→ **Brief**
Each line from the one containing "P_aux/1 -> Power/2, α/1" through the final line of the data below must be repeated exactly.

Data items

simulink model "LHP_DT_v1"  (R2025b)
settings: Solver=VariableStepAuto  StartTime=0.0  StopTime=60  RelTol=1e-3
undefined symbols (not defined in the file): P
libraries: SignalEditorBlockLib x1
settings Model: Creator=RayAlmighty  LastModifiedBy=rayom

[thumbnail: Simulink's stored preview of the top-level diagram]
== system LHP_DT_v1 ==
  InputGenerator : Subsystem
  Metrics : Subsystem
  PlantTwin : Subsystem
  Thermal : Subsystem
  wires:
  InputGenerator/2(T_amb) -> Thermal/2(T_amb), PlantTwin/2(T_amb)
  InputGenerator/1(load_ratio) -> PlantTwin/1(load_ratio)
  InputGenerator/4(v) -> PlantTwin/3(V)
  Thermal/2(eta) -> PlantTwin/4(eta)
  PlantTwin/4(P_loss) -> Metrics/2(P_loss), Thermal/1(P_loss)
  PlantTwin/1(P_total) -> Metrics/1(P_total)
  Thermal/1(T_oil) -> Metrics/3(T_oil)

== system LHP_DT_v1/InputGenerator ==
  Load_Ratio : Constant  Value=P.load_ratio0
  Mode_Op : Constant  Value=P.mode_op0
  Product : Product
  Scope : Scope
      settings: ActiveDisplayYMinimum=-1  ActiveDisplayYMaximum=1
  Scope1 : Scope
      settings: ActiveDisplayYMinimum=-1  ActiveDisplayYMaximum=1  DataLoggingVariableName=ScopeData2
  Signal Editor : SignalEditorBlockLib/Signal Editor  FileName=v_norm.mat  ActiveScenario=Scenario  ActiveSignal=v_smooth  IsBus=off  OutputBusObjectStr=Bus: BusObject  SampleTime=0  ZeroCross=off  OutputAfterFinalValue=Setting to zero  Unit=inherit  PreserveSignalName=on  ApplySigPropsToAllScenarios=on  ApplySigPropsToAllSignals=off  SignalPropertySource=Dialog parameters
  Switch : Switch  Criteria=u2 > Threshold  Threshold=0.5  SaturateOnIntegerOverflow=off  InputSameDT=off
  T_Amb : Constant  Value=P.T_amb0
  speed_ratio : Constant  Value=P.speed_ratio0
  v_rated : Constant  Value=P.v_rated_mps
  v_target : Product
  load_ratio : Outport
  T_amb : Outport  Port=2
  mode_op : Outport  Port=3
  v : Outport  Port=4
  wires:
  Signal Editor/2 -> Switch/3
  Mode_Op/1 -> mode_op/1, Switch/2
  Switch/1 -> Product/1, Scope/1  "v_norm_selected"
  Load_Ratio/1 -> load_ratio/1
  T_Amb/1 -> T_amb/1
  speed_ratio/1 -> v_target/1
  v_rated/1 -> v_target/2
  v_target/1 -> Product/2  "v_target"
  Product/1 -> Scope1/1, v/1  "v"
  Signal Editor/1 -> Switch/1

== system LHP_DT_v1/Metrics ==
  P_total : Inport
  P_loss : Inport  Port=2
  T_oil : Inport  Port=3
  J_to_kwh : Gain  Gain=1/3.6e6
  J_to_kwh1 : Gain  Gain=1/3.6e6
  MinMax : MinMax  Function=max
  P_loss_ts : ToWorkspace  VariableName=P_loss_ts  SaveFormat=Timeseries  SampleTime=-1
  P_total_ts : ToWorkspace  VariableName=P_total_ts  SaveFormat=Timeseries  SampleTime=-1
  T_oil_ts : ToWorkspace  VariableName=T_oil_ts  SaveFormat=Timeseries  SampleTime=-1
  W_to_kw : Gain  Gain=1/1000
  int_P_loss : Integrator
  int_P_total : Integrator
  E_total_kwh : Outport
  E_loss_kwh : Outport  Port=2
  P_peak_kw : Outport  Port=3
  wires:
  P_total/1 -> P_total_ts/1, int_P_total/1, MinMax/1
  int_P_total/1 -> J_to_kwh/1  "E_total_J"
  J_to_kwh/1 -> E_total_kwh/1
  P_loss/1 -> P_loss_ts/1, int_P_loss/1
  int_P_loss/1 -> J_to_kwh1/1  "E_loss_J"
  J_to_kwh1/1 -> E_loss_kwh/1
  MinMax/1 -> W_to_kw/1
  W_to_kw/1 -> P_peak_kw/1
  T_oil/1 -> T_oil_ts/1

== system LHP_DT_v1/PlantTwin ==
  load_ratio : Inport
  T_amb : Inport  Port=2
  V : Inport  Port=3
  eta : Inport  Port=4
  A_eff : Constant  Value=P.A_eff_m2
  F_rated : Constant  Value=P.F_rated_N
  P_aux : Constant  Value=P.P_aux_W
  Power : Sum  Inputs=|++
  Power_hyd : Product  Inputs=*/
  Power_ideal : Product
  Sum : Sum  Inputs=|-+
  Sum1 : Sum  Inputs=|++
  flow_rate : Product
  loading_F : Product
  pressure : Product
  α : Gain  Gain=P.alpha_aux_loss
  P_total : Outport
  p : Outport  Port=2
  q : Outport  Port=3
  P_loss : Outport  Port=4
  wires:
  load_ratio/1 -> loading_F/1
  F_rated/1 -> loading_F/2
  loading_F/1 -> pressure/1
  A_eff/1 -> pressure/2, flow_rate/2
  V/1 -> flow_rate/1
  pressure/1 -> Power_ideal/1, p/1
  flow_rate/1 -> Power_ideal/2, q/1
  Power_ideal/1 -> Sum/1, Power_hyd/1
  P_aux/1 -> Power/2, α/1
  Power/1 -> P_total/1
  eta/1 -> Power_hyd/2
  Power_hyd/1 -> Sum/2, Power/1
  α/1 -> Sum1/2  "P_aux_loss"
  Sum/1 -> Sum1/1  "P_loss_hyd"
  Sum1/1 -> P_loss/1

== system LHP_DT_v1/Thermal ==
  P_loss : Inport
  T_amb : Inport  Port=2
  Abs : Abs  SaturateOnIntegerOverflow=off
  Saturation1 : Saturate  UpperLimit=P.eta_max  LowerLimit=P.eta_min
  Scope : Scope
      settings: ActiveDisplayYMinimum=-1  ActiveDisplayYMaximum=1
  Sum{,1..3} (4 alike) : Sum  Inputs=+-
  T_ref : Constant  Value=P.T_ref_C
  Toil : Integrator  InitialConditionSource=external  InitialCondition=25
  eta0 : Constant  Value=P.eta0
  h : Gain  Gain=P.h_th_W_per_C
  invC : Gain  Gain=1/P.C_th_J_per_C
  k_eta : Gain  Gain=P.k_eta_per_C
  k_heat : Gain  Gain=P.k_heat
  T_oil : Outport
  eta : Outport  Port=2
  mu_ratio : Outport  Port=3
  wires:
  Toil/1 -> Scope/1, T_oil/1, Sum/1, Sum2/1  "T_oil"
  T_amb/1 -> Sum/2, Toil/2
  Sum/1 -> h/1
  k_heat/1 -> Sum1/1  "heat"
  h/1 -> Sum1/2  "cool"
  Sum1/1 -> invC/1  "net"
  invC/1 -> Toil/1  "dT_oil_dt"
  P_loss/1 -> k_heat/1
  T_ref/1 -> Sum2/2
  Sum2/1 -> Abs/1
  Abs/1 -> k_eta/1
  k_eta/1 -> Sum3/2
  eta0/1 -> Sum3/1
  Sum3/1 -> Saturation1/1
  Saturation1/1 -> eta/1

→ **Answer space**
  P_aux/1 -> Power/2, α/1
  Power/1 -> P_total/1
  eta/1 -> Power_hyd/2
  Power_hyd/1 -> Sum/2, Power/1
  α/1 -> Sum1/2  "P_aux_loss"
  Sum/1 -> Sum1/1  "P_loss_hyd"
  Sum1/1 -> P_loss/1

== system LHP_DT_v1/Thermal ==
  P_loss : Inport
  T_amb : Inport  Port=2
  Abs : Abs  SaturateOnIntegerOverflow=off
  Saturation1 : Saturate  UpperLimit=P.eta_max  LowerLimit=P.eta_min
  Scope : Scope
      settings: ActiveDisplayYMinimum=-1  ActiveDisplayYMaximum=1
  Sum{,1..3} (4 alike) : Sum  Inputs=+-
  T_ref : Constant  Value=P.T_ref_C
  Toil : Integrator  InitialConditionSource=external  InitialCondition=25
  eta0 : Constant  Value=P.eta0
  h : Gain  Gain=P.h_th_W_per_C
  invC : Gain  Gain=1/P.C_th_J_per_C
  k_eta : Gain  Gain=P.k_eta_per_C
  k_heat : Gain  Gain=P.k_heat
  T_oil : Outport
  eta : Outport  Port=2
  mu_ratio : Outport  Port=3
  wires:
  Toil/1 -> Scope/1, T_oil/1, Sum/1, Sum2/1  "T_oil"
  T_amb/1 -> Sum/2, Toil/2
  Sum/1 -> h/1
  k_heat/1 -> Sum1/1  "heat"
  h/1 -> Sum1/2  "cool"
  Sum1/1 -> invC/1  "net"
  invC/1 -> Toil/1  "dT_oil_dt"
  P_loss/1 -> k_heat/1
  T_ref/1 -> Sum2/2
  Sum2/1 -> Abs/1
  Abs/1 -> k_eta/1
  k_eta/1 -> Sum3/2
  eta0/1 -> Sum3/1
  Sum3/1 -> Saturation1/1
  Saturation1/1 -> eta/1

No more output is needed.